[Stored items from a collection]
-=-=-=-=-
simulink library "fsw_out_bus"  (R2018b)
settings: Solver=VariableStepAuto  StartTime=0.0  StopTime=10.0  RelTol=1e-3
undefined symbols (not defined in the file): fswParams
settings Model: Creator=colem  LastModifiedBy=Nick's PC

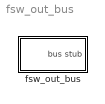
== system fsw_out_bus ==
  fsw_out_bus : Subsystem

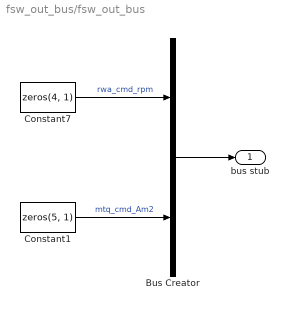
== system fsw_out_bus/fsw_out_bus ==
  Bus Creator : BusCreator  Inputs=2  OutDataTypeStr=Bus: fsw_out
  Constant1 : Constant  Value=zeros(5, 1)  SampleTime=fswParams.sample_time_s
  Constant7 : Constant  Value=zeros(4, 1)  SampleTime=fswParams.sample_time_s
  bus stub : Outport  OutDataTypeStr=Bus: fsw_out
  wires:
  Constant7/1 -> Bus Creator/1  "rwa_cmd_rpm"
  Bus Creator/1 -> bus stub/1
  Constant1/1 -> Bus Creator/2  "mtq_cmd_Am2"
-=-=-=-=-
**Work instructions**
Where a line above contains the word "fswParams", show that line.

**Answer box**
undefined symbols (not defined in the file): fswParams
  Constant1 : Constant  Value=zeros(5, 1)  SampleTime=fswParams.sample_time_s
  Constant7 : Constant  Value=zeros(4, 1)  SampleTime=fswParams.sample_time_s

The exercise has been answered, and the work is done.